My long time readers know there are a few subjects that are always sure to interest me. When you combine two of those, like say peanut butter and chocolate, watch out.

So why don’t I own a Kindle? It’s a cool tech toy, and I do love me some tech toys.* And it’s for reading, which I need to do like breathing in order to function properly. Seems like a no brainer, right?

(Here’s a little something I’ve never shared. The majority of the money I make in my professional life goes into what S.┬ácalls my Computer Fund. Keep in mind I work only sporadically and I don’t make much when I am working. But still, that account pays for my monthly iPhone bill and allows me to make an impulse purchase every few months from the Apple Store, Amazon, etc. that ends with me unwrapping something that has a microprocessor in it.)

Amazon announced the new Kindle DX on Wednesday and it did not have me reaching for my credit card. Don’t get me wrong, it looks terribly cool. I’ve talked to some people who own a Kindle and think it’s great. I love the idea of having what amounts to a reading version of an iPod – a device that is loaded with all kinds of content so I can call up whatever fits my mood – with me everywhere I go.

But there is a fatal flaw that keeps me from placing an order: you have to purchase all the content.* Until there is some kind of “library” option, meaning a way to legally borrow content, I can’t see myself buying one.

(The Kindle will load some content that is free. However the bulk of what I would want to read on it I would have to pay for.)
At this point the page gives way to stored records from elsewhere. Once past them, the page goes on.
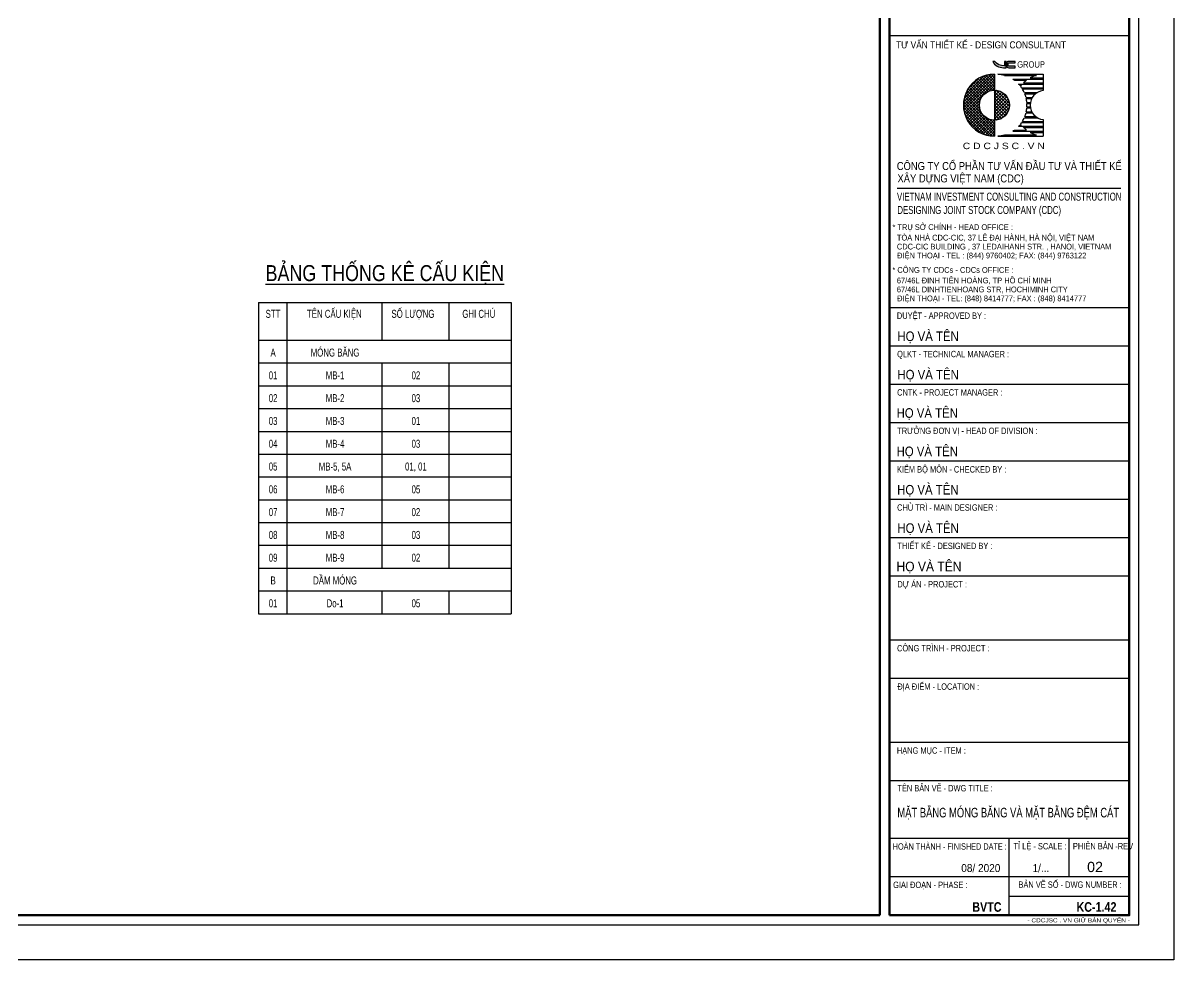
# Model space of a CAD drawing. Header units: millimetres. Extents: x 71 to 1994474, y -338610 to 1053.
# Drawn here: x 1940537 to 1994474, y -249616 to -205716 of the extents above; entities that cross this region are included whole.
import ezdxf
from ezdxf.enums import TextEntityAlignment as Align

# ---------------------------------------------------------------- set-up
doc = ezdxf.new("R2010")
doc.units = ezdxf.units.MM
doc.header["$LTSCALE"] = 1000
doc.header["$MEASUREMENT"] = 0
doc.layers.get('Defpoints').update_dxf_attribs({"linetype": 'CONTINUOUS'})
for name, color, linetype in [('CDC -TEXT KHUNG', 7, 'CONTINUOUS'), ('CDC-KHUNGTEN', 7, 'CONTINUOUS'), ('CDC.03.BORDER', 3, 'CONTINUOUS'), ('CDC.06.TEXT', 2, 'CONTINUOUS')]:
    doc.layers.add(name, color=color, linetype=linetype)
doc.layers.add('Hatch1', color=250, linetype='CONTINUOUS', lineweight=5)
doc.styles.add('ARIAL', font='arial.ttf', dxfattribs={"width": 0.6})
doc.styles.add('Arial_B_3', font='arialbd.ttf', dxfattribs={"width": 0.75, "height": 3})
doc.styles.add('KT CDC', font='arial.ttf', dxfattribs={"width": 0.85, "height": 200})

# ---------------------------------------------------------------- blocks, each defined once
blk = doc.blocks.new('LOGOmoi')
at = {"layer": 'CDC -TEXT KHUNG'}
h = blk.add_hatch(color=1, dxfattribs=at)
h.paths.add_polyline_path([(1.46, 5.45), (1.26, 5.45), (1.26, 4.88), (1.21, 4.88, -0.237912), (0.06, 5.45), (-0.2, 5.45, 0.272847), (1.14, 4.66), (1.46, 4.66)])
h.paths.add_polyline_path([(2.59, 5.45), (1.8, 5.45, 0.414214), (1.54, 5.2), (1.54, 4.92, 0.414214), (1.8, 4.66), (2.59, 4.66), (2.59, 4.87), (1.8, 4.87, -0.414214), (1.74, 4.92), (1.74, 5.2, -0.414214), (1.8, 5.25), (2.59, 5.25)])
h = blk.add_hatch(dxfattribs=at)
h.set_pattern_fill('ANSI37', color=102, scale=2.293939, angle=360, style=0)
h.set_pattern_definition([(45, (-2844.4439, 636.61023), (-0.178426552, 0.178426553), []), (135, (-2844.4439, 636.61023), (-0.178426552, -0.178426553), [])])
edge = h.paths.add_edge_path()
edge.add_arc((0.02, 0), 1.87, 90, 270)
edge.add_line((0.02, -1.88), (0.02, -3.84))
edge.add_line((0.02, -3.84), (-0.17, -3.84))
edge.add_line((-0.17, -3.84), (-0.36, -3.83))
edge.add_line((-0.36, -3.83), (-0.55, -3.8))
edge.add_line((-0.55, -3.8), (-0.73, -3.77))
edge.add_line((-0.73, -3.77), (-0.92, -3.73))
edge.add_line((-0.92, -3.73), (-1.1, -3.68))
edge.add_line((-1.1, -3.68), (-1.28, -3.62))
edge.add_line((-1.28, -3.62), (-1.45, -3.55))
edge.add_line((-1.45, -3.55), (-1.63, -3.48))
edge.add_line((-1.63, -3.48), (-1.79, -3.39))
edge.add_line((-1.79, -3.39), (-1.96, -3.3))
edge.add_line((-1.96, -3.3), (-2.12, -3.2))
edge.add_line((-2.12, -3.2), (-2.27, -3.09))
edge.add_line((-2.27, -3.09), (-2.42, -2.97))
edge.add_line((-2.42, -2.97), (-2.56, -2.85))
edge.add_line((-2.56, -2.85), (-2.7, -2.72))
edge.add_line((-2.7, -2.72), (-2.83, -2.58))
edge.add_line((-2.83, -2.58), (-2.95, -2.44))
edge.add_line((-2.95, -2.44), (-3.07, -2.29))
edge.add_line((-3.07, -2.29), (-3.18, -2.14))
edge.add_line((-3.18, -2.14), (-3.28, -1.98))
edge.add_line((-3.28, -1.98), (-3.37, -1.81))
edge.add_line((-3.37, -1.81), (-3.46, -1.64))
edge.add_line((-3.46, -1.64), (-3.53, -1.47))
edge.add_line((-3.53, -1.47), (-3.6, -1.3))
edge.add_line((-3.6, -1.3), (-3.66, -1.12))
edge.add_line((-3.66, -1.12), (-3.71, -0.93))
edge.add_line((-3.71, -0.93), (-3.75, -0.75))
edge.add_line((-3.75, -0.75), (-3.79, -0.56))
edge.add_line((-3.79, -0.56), (-3.81, -0.38))
edge.add_line((-3.81, -0.38), (-3.82, -0.19))
edge.add_line((-3.82, -0.19), (-3.83, 0))
edge.add_line((-3.83, 0), (-3.82, 0.19))
edge.add_line((-3.82, 0.19), (-3.81, 0.38))
edge.add_line((-3.81, 0.38), (-3.79, 0.56))
edge.add_line((-3.79, 0.56), (-3.75, 0.75))
edge.add_line((-3.75, 0.75), (-3.71, 0.93))
edge.add_line((-3.71, 0.93), (-3.66, 1.12))
edge.add_line((-3.66, 1.12), (-3.6, 1.3))
edge.add_line((-3.6, 1.3), (-3.53, 1.47))
edge.add_line((-3.53, 1.47), (-3.46, 1.64))
edge.add_line((-3.46, 1.64), (-3.37, 1.81))
edge.add_line((-3.37, 1.81), (-3.28, 1.98))
edge.add_line((-3.28, 1.98), (-3.18, 2.14))
edge.add_line((-3.18, 2.14), (-3.07, 2.29))
edge.add_line((-3.07, 2.29), (-2.95, 2.44))
edge.add_line((-2.95, 2.44), (-2.83, 2.58))
edge.add_line((-2.83, 2.58), (-2.7, 2.72))
edge.add_line((-2.7, 2.72), (-2.56, 2.85))
edge.add_line((-2.56, 2.85), (-2.42, 2.97))
edge.add_line((-2.42, 2.97), (-2.27, 3.09))
edge.add_line((-2.27, 3.09), (-2.12, 3.2))
edge.add_line((-2.12, 3.2), (-1.96, 3.3))
edge.add_line((-1.96, 3.3), (-1.79, 3.39))
edge.add_line((-1.79, 3.39), (-1.63, 3.48))
edge.add_line((-1.63, 3.48), (-1.45, 3.55))
edge.add_line((-1.45, 3.55), (-1.28, 3.62))
edge.add_line((-1.28, 3.62), (-1.1, 3.68))
edge.add_line((-1.1, 3.68), (-0.92, 3.73))
edge.add_line((-0.92, 3.73), (-0.73, 3.77))
edge.add_line((-0.73, 3.77), (-0.55, 3.8))
edge.add_line((-0.55, 3.8), (-0.36, 3.83))
edge.add_line((-0.36, 3.83), (-0.17, 3.84))
edge.add_line((-0.17, 3.84), (0.02, 3.84))
edge.add_line((0.02, 3.84), (0.02, 1.87))
h = blk.add_hatch(dxfattribs=at)
h.set_pattern_fill('ANSI37', color=1, scale=2.293939, angle=360, style=0)
h.set_pattern_definition([(45, (-486.53502, -144.21504), (-0.20275745, 0.20275745), []), (135, (-486.53502, -144.21504), (-0.20275745, -0.20275745), [])])
h.paths.add_polyline_path([(0.02, 1.87), (0.02, -1.81), (0.02, -1.88, 0.414214), (1.89, 0, 0.414214)])
at = {"layer": 'CDC -TEXT KHUNG', "color": 102}
for p, q in [((0.02, 3.84), (0.02, -1.81)), ((0.42, 3.85), (6.1, 3.85)), ((1.28, 3.7), (5.24, 3.7)), ((2.3, 3.24), (6.1, 3.24)), ((2.51, 3.09), (4.01, 3.09)), ((4.47, 3.39), (6.1, 3.39)), ((6.1, 3.85), (6.1, 1.81)), ((3.03, 2.63), (6.1, 2.63)), ((3.16, 2.49), (3.36, 2.49)), ((3.4, 2.17), (6.1, 2.17)), ((3.49, 2.03), (6.1, 2.03)), ((3.64, 2.78), (6.1, 2.78)), ((3.74, 1.57), (5.37, 1.57)), ((3.8, 1.42), (5.15, 1.42)), ((3.95, 0.96), (4.75, 0.96)), ((3.98, 0.81), (4.66, 0.81)), ((4.05, 0.35), (4.51, 0.35)), ((4.06, 0.2), (4.49, 0.2)), ((3.8, -1.42), (5.15, -1.42)), ((3.95, -0.96), (4.75, -0.96)), ((3.98, -0.81), (4.66, -0.81)), ((4.05, -0.35), (4.51, -0.35)), ((4.06, -0.2), (4.49, -0.2)), ((0.02, -1.81), (0.02, -3.84)), ((3.03, -2.63), (6.1, -2.63)), ((3.16, -2.49), (3.36, -2.49)), ((3.4, -2.17), (6.1, -2.17)), ((3.49, -2.03), (6.1, -2.03)), ((3.64, -2.78), (6.1, -2.78)), ((3.74, -1.57), (5.37, -1.57)), ((6.1, -1.79), (6.1, -3.84)), ((0.01, -3.84), (0.02, -3.84)), ((0.42, -3.84), (6.1, -3.84)), ((1.28, -3.7), (5.24, -3.7)), ((2.3, -3.24), (6.1, -3.24)), ((2.51, -3.09), (4.01, -3.09)), ((4.47, -3.39), (6.1, -3.39))]:
    blk.add_line(p, q, dxfattribs=at)
at = {"layer": 'CDC -TEXT KHUNG'}
blk.add_line((3.78, 1.21), (3.78, 1.21), dxfattribs=at)
at = {"layer": 'CDC -TEXT KHUNG', "color": 1}
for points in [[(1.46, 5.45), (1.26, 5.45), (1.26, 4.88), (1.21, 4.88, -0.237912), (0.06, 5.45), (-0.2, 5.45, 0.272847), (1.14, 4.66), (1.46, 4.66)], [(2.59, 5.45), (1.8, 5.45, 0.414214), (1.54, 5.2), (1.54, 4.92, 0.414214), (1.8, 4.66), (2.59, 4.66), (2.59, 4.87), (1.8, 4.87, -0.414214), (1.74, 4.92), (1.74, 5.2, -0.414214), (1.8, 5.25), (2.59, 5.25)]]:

It’s not that I expect a Kindle Library service to be like going to my public library, where I get the majority of my books. There’s no way Amazon, Sprint, and the publishing world would allow free access to every book ever printer under their current pricing scheme.

I’m willing to pay a small fee, a buck for a week or ten days, after which I’ll either have to drop another buck or the book disappears from my virtual library. But since I read 30-40-50 books a year, I would have a hard time justifying paying $10 a pop when I could go pick the same book up for free at the library.* Another option is a flat fee for monthly access. Charge me $20 to read five books, three magazines, and two newspapers. Tier out a plan that provides more access for more money, and I’m getting more interested.

(Free as in my tax dollars magically help fund the library.)

I like the concept of the Kindle, and we’re certainly headed towards a time when some Kindle-like device will be the way we read content currently found in books, magazines, and newspapers. The trick for global adoption will be finding the sweet spot in the pricing of such a device that fits the needs of both the users and the content providers. Both sides of that equation are going to have to make changes to their expectations of the relationship. I’m anxiously awaiting the day when someone finds that perfect middle point.